> _Problem details_
Go to the line holding "#182=VERTEX_POINT('',#181);" in the entries below and write out exactly every line down to and including the line holding "#235=DIRECTION('',(-1.,0.,0.));".
○ ○ ○ ○ ○
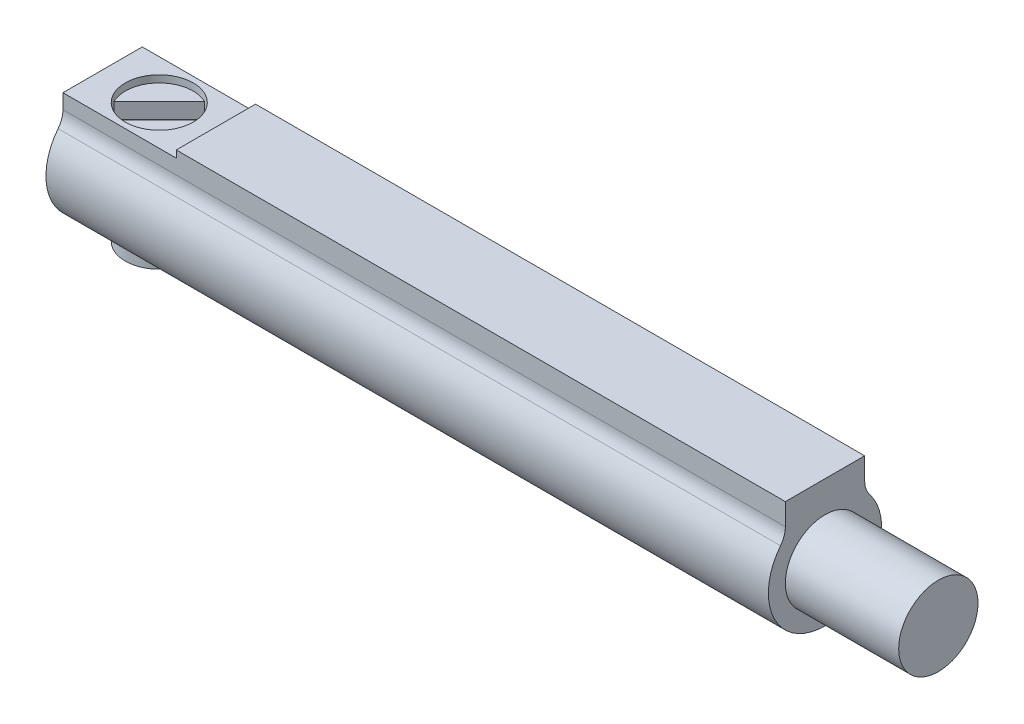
ISO-10303-21;
HEADER;
FILE_DESCRIPTION(('STEP AP214'),'2;1');
FILE_NAME('part.step','',(''),(''),'','','');
FILE_SCHEMA(('AUTOMOTIVE_DESIGN { 1 0 10303 214 1 1 1 1 }'));
ENDSEC;
DATA;
#1=APPLICATION_CONTEXT('core data for automotive mechanical design processes');
#2=APPLICATION_PROTOCOL_DEFINITION('international standard','automotive_design',2000,#1);
#3=PRODUCT_CONTEXT('',#1,'mechanical');
#4=PRODUCT('Part','Part','',(#3));
#5=PRODUCT_RELATED_PRODUCT_CATEGORY('part','',(#4));
#6=PRODUCT_DEFINITION_FORMATION('','',#4);
#7=PRODUCT_DEFINITION_CONTEXT('part definition',#1,'design');
#8=PRODUCT_DEFINITION('design','',#6,#7);
#9=PRODUCT_DEFINITION_SHAPE('','',#8);
#10=(LENGTH_UNIT() NAMED_UNIT(*) SI_UNIT(.MILLI.,.METRE.));
#11=(NAMED_UNIT(*) PLANE_ANGLE_UNIT() SI_UNIT($,.RADIAN.));
#12=(NAMED_UNIT(*) SI_UNIT($,.STERADIAN.) SOLID_ANGLE_UNIT());
#13=UNCERTAINTY_MEASURE_WITH_UNIT(LENGTH_MEASURE(1.E-05),#10,'distance_accuracy_value','');
#14=(GEOMETRIC_REPRESENTATION_CONTEXT(3) GLOBAL_UNCERTAINTY_ASSIGNED_CONTEXT((#13)) GLOBAL_UNIT_ASSIGNED_CONTEXT((#10,
#11,#12)) REPRESENTATION_CONTEXT('',''));
#15=CARTESIAN_POINT('',(0.,0.,0.));
#16=DIRECTION('',(0.,0.,1.));
#17=DIRECTION('',(1.,0.,0.));
#18=AXIS2_PLACEMENT_3D('',#15,#16,#17);
#19=CARTESIAN_POINT('',(2.,2.,0.));
#20=DIRECTION('',(0.,-1.,0.));
#21=DIRECTION('',(0.,0.,-1.));
#22=AXIS2_PLACEMENT_3D('',#19,#20,#21);
#23=PLANE('',#22);
#24=CARTESIAN_POINT('',(2.,2.,0.));
#25=DIRECTION('',(0.,-1.,0.));
#26=DIRECTION('',(0.,0.,-1.));
#27=AXIS2_PLACEMENT_3D('',#24,#25,#26);
#28=CIRCLE('',#27,1.1999999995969);
#29=CARTESIAN_POINT('',(2.517157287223,2.,-1.0828427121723));
#30=VERTEX_POINT('',#29);
#31=CARTESIAN_POINT('',(0.91715728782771,2.,0.51715728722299));
#32=VERTEX_POINT('',#31);
#33=EDGE_CURVE('E235',#30,#32,#28,.F.);
#34=ORIENTED_EDGE('',*,*,#33,.T.);
#35=DIRECTION('',(0.707106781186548,0.,-0.707106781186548));
#36=VECTOR('',#35,1.);
#37=CARTESIAN_POINT('',(1.71715728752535,2.,-0.28284271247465));
#38=LINE('',#37,#36);
#39=EDGE_CURVE('E11',#32,#30,#38,.T.);
#40=ORIENTED_EDGE('',*,*,#39,.T.);
#41=EDGE_LOOP('',(#34,#40));
#42=FACE_BOUND('',#41,.T.);
#43=ADVANCED_FACE('F33',(#42),#23,.F.);
#44=CARTESIAN_POINT('',(2.,-2.25,0.));
#45=DIRECTION('',(0.,1.,0.));
#46=DIRECTION('',(0.,0.,1.));
#47=AXIS2_PLACEMENT_3D('',#44,#45,#46);
#48=CYLINDRICAL_SURFACE('',#47,1.1999999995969);
#49=DIRECTION('',(0.,1.,0.));
#50=VECTOR('',#49,1.);
#51=CARTESIAN_POINT('',(0.91715728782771,1.45,0.51715728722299));
#52=LINE('',#51,#50);
#53=CARTESIAN_POINT('',(0.91715728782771,1.45,0.51715728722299));
#54=VERTEX_POINT('',#53);
#55=EDGE_CURVE('E155',#54,#32,#52,.T.);
#56=ORIENTED_EDGE('',*,*,#55,.T.);
#57=ORIENTED_EDGE('',*,*,#33,.F.);
#58=DIRECTION('',(0.,1.,0.));
#59=VECTOR('',#58,1.);
#60=CARTESIAN_POINT('',(2.517157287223,1.45,-1.0828427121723));
#61=LINE('',#60,#59);
#62=CARTESIAN_POINT('',(2.517157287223,1.45,-1.0828427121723));
#63=VERTEX_POINT('',#62);
#64=EDGE_CURVE('E158',#63,#30,#61,.T.);
#65=ORIENTED_EDGE('',*,*,#64,.F.);
#66=CARTESIAN_POINT('',(2.0000000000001,1.45,0.));
#67=DIRECTION('',(0.,1.,0.));
#68=DIRECTION('',(0.,0.,1.));
#69=AXIS2_PLACEMENT_3D('',#66,#67,#68);
#70=CIRCLE('',#69,1.19999999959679);
#71=CARTESIAN_POINT('',(3.08284271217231,1.45,-0.517157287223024));
#72=VERTEX_POINT('',#71);
#73=EDGE_CURVE('E147',#72,#63,#70,.T.);
#74=ORIENTED_EDGE('',*,*,#73,.F.);
#75=DIRECTION('',(0.,1.,0.));
#76=VECTOR('',#75,1.);
#77=CARTESIAN_POINT('',(3.08284271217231,1.45,-0.517157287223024));
#78=LINE('',#77,#76);
#79=CARTESIAN_POINT('',(3.08284271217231,2.,-0.517157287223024));
#80=VERTEX_POINT('',#79);
#81=EDGE_CURVE('E138',#72,#80,#78,.T.);
#82=ORIENTED_EDGE('',*,*,#81,.T.);
#83=CARTESIAN_POINT('',(1.48284271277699,2.,1.08284271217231));
#84=VERTEX_POINT('',#83);
#85=EDGE_CURVE('E137',#84,#80,#28,.F.);
#86=ORIENTED_EDGE('',*,*,#85,.F.);
#87=DIRECTION('',(0.,1.,0.));
#88=VECTOR('',#87,1.);
#89=CARTESIAN_POINT('',(1.482842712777,1.45,1.0828427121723));
#90=LINE('',#89,#88);
#91=CARTESIAN_POINT('',(1.482842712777,1.45,1.0828427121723));
#92=VERTEX_POINT('',#91);
#93=EDGE_CURVE('E48',#92,#84,#90,.T.);
#94=ORIENTED_EDGE('',*,*,#93,.F.);
#95=CARTESIAN_POINT('',(2.0000000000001,1.45,0.));
#96=DIRECTION('',(0.,1.,0.));
#97=DIRECTION('',(0.,0.,1.));
#98=AXIS2_PLACEMENT_3D('',#95,#96,#97);
#99=CIRCLE('',#98,1.19999999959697);
#100=EDGE_CURVE('E133',#54,#92,#99,.T.);
#101=ORIENTED_EDGE('',*,*,#100,.F.);
#102=EDGE_LOOP('',(#56,#57,#65,#74,#82,#86,#94,#101));
#103=FACE_BOUND('',#102,.T.);
#104=CARTESIAN_POINT('',(2.,2.25,0.));
#105=DIRECTION('',(0.,1.,0.));
#106=DIRECTION('',(0.,0.,1.));
#107=AXIS2_PLACEMENT_3D('',#104,#105,#106);
#108=CIRCLE('',#107,1.1999999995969);
#109=CARTESIAN_POINT('',(2.,2.25,1.1999999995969));
#110=VERTEX_POINT('',#109);
#111=EDGE_CURVE('E162',#110,#110,#108,.T.);
#112=ORIENTED_EDGE('',*,*,#111,.T.);
#113=EDGE_LOOP('',(#112));
#114=FACE_BOUND('',#113,.T.);
#115=ADVANCED_FACE('F130',(#103,#114),#48,.F.);
#116=CARTESIAN_POINT('',(25.5,2.25,-1.399999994));
#117=DIRECTION('',(0.,-1.,0.));
#118=DIRECTION('',(0.,0.,-1.));
#119=AXIS2_PLACEMENT_3D('',#116,#117,#118);
#120=PLANE('',#119);
#121=ORIENTED_EDGE('',*,*,#111,.F.);
#122=EDGE_LOOP('',(#121));
#123=FACE_BOUND('',#122,.T.);
#124=DIRECTION('',(0.,0.,1.));
#125=VECTOR('',#124,1.);
#126=CARTESIAN_POINT('',(4.,2.25,-1.399999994));
#127=LINE('',#126,#125);
#128=CARTESIAN_POINT('',(4.,2.25,-1.399999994));
#129=VERTEX_POINT('',#128);
#130=CARTESIAN_POINT('',(4.,2.25,1.399999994));
#131=VERTEX_POINT('',#130);
#132=EDGE_CURVE('E184',#129,#131,#127,.T.);
#133=ORIENTED_EDGE('',*,*,#132,.F.);
#134=DIRECTION('',(-1.,0.,0.));
#135=VECTOR('',#134,1.);
#136=CARTESIAN_POINT('',(25.5,2.25,-1.399999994));
#137=LINE('',#136,#135);
#138=CARTESIAN_POINT('',(0.,2.25,-1.399999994));
#139=VERTEX_POINT('',#138);
#140=EDGE_CURVE('E222',#129,#139,#137,.T.);
#141=ORIENTED_EDGE('',*,*,#140,.T.);
#142=DIRECTION('',(0.,0.,1.));
#143=VECTOR('',#142,1.);
#144=CARTESIAN_POINT('',(0.,2.25,-1.399999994));
#145=LINE('',#144,#143);
#146=CARTESIAN_POINT('',(0.,2.25,1.399999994));
#147=VERTEX_POINT('',#146);
#148=EDGE_CURVE('E214',#139,#147,#145,.T.);
#149=ORIENTED_EDGE('',*,*,#148,.T.);
#150=DIRECTION('',(-1.,0.,0.));
#151=VECTOR('',#150,1.);
#152=CARTESIAN_POINT('',(25.5,2.25,1.399999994));
#153=LINE('',#152,#151);
#154=EDGE_CURVE('E220',#131,#147,#153,.T.);
#155=ORIENTED_EDGE('',*,*,#154,.F.);
#156=EDGE_LOOP('',(#133,#141,#149,#155));
#157=FACE_BOUND('',#156,.T.);
#158=ADVANCED_FACE('F248',(#123,#157),#120,.F.);
#159=CARTESIAN_POINT('',(25.5,1.73205095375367,2.20000039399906));
#160=DIRECTION('',(-1.,0.,0.));
#161=DIRECTION('',(0.,0.,1.));
#162=AXIS2_PLACEMENT_3D('',#159,#160,#161);
#163=PLANE('',#162);
#164=CARTESIAN_POINT('',(25.5,0.,0.));
#165=DIRECTION('',(-1.,0.,0.));
#166=DIRECTION('',(0.,0.,1.));
#167=AXIS2_PLACEMENT_3D('',#164,#165,#166);
#168=CIRCLE('',#167,1.399999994);
#169=CARTESIAN_POINT('',(25.5,0.,1.399999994));
#170=VERTEX_POINT('',#169);
#171=EDGE_CURVE('E232',#170,#170,#168,.F.);
#172=ORIENTED_EDGE('',*,*,#171,.F.);
#173=EDGE_LOOP('',(#172));
#174=FACE_BOUND('',#173,.T.);
#175=DIRECTION('',(0.,-1.,0.));
#176=VECTOR('',#175,1.);
#177=CARTESIAN_POINT('',(25.5,2.25,1.399999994));
#178=LINE('',#177,#176);
#179=CARTESIAN_POINT('',(25.5,2.5,1.399999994));
#180=VERTEX_POINT('',#179);
#181=CARTESIAN_POINT('',(25.5,1.732050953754,1.399999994));
#182=VERTEX_POINT('',#181);
#183=EDGE_CURVE('E201',#180,#182,#178,.T.);
#184=ORIENTED_EDGE('',*,*,#183,.T.);
#185=CARTESIAN_POINT('',(25.5,1.73205095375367,2.20000039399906));
#186=DIRECTION('',(-1.,0.,0.));
#187=DIRECTION('',(0.,0.,1.));
#188=AXIS2_PLACEMENT_3D('',#185,#186,#187);
#189=CIRCLE('',#188,0.800000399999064);
#190=CARTESIAN_POINT('',(25.5,1.2371790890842,1.5714286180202));
#191=VERTEX_POINT('',#190);
#192=EDGE_CURVE('E191',#182,#191,#189,.T.);
#193=ORIENTED_EDGE('',*,*,#192,.T.);
#194=CARTESIAN_POINT('',(25.5,0.,0.));
#195=DIRECTION('',(1.,0.,0.));
#196=DIRECTION('',(0.,0.,-1.));
#197=AXIS2_PLACEMENT_3D('',#194,#195,#196);
#198=CIRCLE('',#197,2.00000000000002);
#199=CARTESIAN_POINT('',(25.5,1.2371791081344,-1.5714286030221));
#200=VERTEX_POINT('',#199);
#201=EDGE_CURVE('E194',#191,#200,#198,.T.);
#202=ORIENTED_EDGE('',*,*,#201,.T.);
#203=CARTESIAN_POINT('',(25.5,1.73205095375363,-2.20000039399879));
#204=DIRECTION('',(-1.,0.,0.));
#205=DIRECTION('',(0.,0.,1.));
#206=AXIS2_PLACEMENT_3D('',#203,#204,#205);
#207=CIRCLE('',#206,0.800000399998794);
#208=CARTESIAN_POINT('',(25.5,1.732050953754,-1.399999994));
#209=VERTEX_POINT('',#208);
#210=EDGE_CURVE('E197',#200,#209,#207,.T.);
#211=ORIENTED_EDGE('',*,*,#210,.T.);
#212=DIRECTION('',(0.,1.,0.));
#213=VECTOR('',#212,1.);
#214=CARTESIAN_POINT('',(25.5,1.732050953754,-1.399999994));
#215=LINE('',#214,#213);
#216=CARTESIAN_POINT('',(25.5,2.5,-1.399999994));
#217=VERTEX_POINT('',#216);
#218=EDGE_CURVE('E199',#209,#217,#215,.T.);
#219=ORIENTED_EDGE('',*,*,#218,.T.);
#220=DIRECTION('',(0.,0.,1.));
#221=VECTOR('',#220,1.);
#222=CARTESIAN_POINT('',(25.5,2.5,-1.399999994));
#223=LINE('',#222,#221);
#224=EDGE_CURVE('E166',#217,#180,#223,.T.);
#225=ORIENTED_EDGE('',*,*,#224,.T.);
#226=EDGE_LOOP('',(#184,#193,#202,#211,#219,#225));
#227=FACE_BOUND('',#226,.T.);
#228=ADVANCED_FACE('F268',(#174,#227),#163,.F.);
#229=CARTESIAN_POINT('',(25.5,1.73205095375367,2.20000039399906));
#230=DIRECTION('',(-1.,0.,0.));
#231=DIRECTION('',(0.,0.,1.));
#232=AXIS2_PLACEMENT_3D('',#229,#230,#231);
#233=CYLINDRICAL_SURFACE('',#232,0.800000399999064);
#234=CARTESIAN_POINT('',(0.,1.73205095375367,2.20000039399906));
#235=DIRECTION('',(-1.,0.,0.));
#236=DIRECTION('',(0.,0.,1.));
#237=AXIS2_PLACEMENT_3D('',#234,#235,#236);
#238=CIRCLE('',#237,0.800000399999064);
#239=CARTESIAN_POINT('',(0.,1.732050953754,1.399999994));
#240=VERTEX_POINT('',#239);
#241=CARTESIAN_POINT('',(0.,1.2371790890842,1.5714286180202));
#242=VERTEX_POINT('',#241);
#243=EDGE_CURVE('E190',#240,#242,#238,.T.);
#244=ORIENTED_EDGE('',*,*,#243,.T.);
#245=DIRECTION('',(-1.,0.,0.));
#246=VECTOR('',#245,1.);
#247=CARTESIAN_POINT('',(25.5,1.2371790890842,1.5714286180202));
#248=LINE('',#247,#246);
#249=EDGE_CURVE('E229',#191,#242,#248,.T.);
#250=ORIENTED_EDGE('',*,*,#249,.F.);
#251=ORIENTED_EDGE('',*,*,#192,.F.);
#252=DIRECTION('',(-1.,0.,0.));
#253=VECTOR('',#252,1.);
#254=CARTESIAN_POINT('',(25.5,1.732050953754,1.399999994));
#255=LINE('',#254,#253);
#256=EDGE_CURVE('E203',#182,#240,#255,.T.);
#257=ORIENTED_EDGE('',*,*,#256,.T.);
#258=EDGE_LOOP('',(#244,#250,#251,#257));
#259=FACE_BOUND('',#258,.T.);
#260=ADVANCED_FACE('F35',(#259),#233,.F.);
○ ○ ○ ○ ○
> _Task result_
#182=VERTEX_POINT('',#181);
#183=EDGE_CURVE('E201',#180,#182,#178,.T.);
#184=ORIENTED_EDGE('',*,*,#183,.T.);
#185=CARTESIAN_POINT('',(25.5,1.73205095375367,2.20000039399906));
#186=DIRECTION('',(-1.,0.,0.));
#187=DIRECTION('',(0.,0.,1.));
#188=AXIS2_PLACEMENT_3D('',#185,#186,#187);
#189=CIRCLE('',#188,0.800000399999064);
#190=CARTESIAN_POINT('',(25.5,1.2371790890842,1.5714286180202));
#191=VERTEX_POINT('',#190);
#192=EDGE_CURVE('E191',#182,#191,#189,.T.);
#193=ORIENTED_EDGE('',*,*,#192,.T.);
#194=CARTESIAN_POINT('',(25.5,0.,0.));
#195=DIRECTION('',(1.,0.,0.));
#196=DIRECTION('',(0.,0.,-1.));
#197=AXIS2_PLACEMENT_3D('',#194,#195,#196);
#198=CIRCLE('',#197,2.00000000000002);
#199=CARTESIAN_POINT('',(25.5,1.2371791081344,-1.5714286030221));
#200=VERTEX_POINT('',#199);
#201=EDGE_CURVE('E194',#191,#200,#198,.T.);
#202=ORIENTED_EDGE('',*,*,#201,.T.);
#203=CARTESIAN_POINT('',(25.5,1.73205095375363,-2.20000039399879));
#204=DIRECTION('',(-1.,0.,0.));
#205=DIRECTION('',(0.,0.,1.));
#206=AXIS2_PLACEMENT_3D('',#203,#204,#205);
#207=CIRCLE('',#206,0.800000399998794);
#208=CARTESIAN_POINT('',(25.5,1.732050953754,-1.399999994));
#209=VERTEX_POINT('',#208);
#210=EDGE_CURVE('E197',#200,#209,#207,.T.);
#211=ORIENTED_EDGE('',*,*,#210,.T.);
#212=DIRECTION('',(0.,1.,0.));
#213=VECTOR('',#212,1.);
#214=CARTESIAN_POINT('',(25.5,1.732050953754,-1.399999994));
#215=LINE('',#214,#213);
#216=CARTESIAN_POINT('',(25.5,2.5,-1.399999994));
#217=VERTEX_POINT('',#216);
#218=EDGE_CURVE('E199',#209,#217,#215,.T.);
#219=ORIENTED_EDGE('',*,*,#218,.T.);
#220=DIRECTION('',(0.,0.,1.));
#221=VECTOR('',#220,1.);
#222=CARTESIAN_POINT('',(25.5,2.5,-1.399999994));
#223=LINE('',#222,#221);
#224=EDGE_CURVE('E166',#217,#180,#223,.T.);
#225=ORIENTED_EDGE('',*,*,#224,.T.);
#226=EDGE_LOOP('',(#184,#193,#202,#211,#219,#225));
#227=FACE_BOUND('',#226,.T.);
#228=ADVANCED_FACE('F268',(#174,#227),#163,.F.);
#229=CARTESIAN_POINT('',(25.5,1.73205095375367,2.20000039399906));
#230=DIRECTION('',(-1.,0.,0.));
#231=DIRECTION('',(0.,0.,1.));
#232=AXIS2_PLACEMENT_3D('',#229,#230,#231);
#233=CYLINDRICAL_SURFACE('',#232,0.800000399999064);
#234=CARTESIAN_POINT('',(0.,1.73205095375367,2.20000039399906));
#235=DIRECTION('',(-1.,0.,0.));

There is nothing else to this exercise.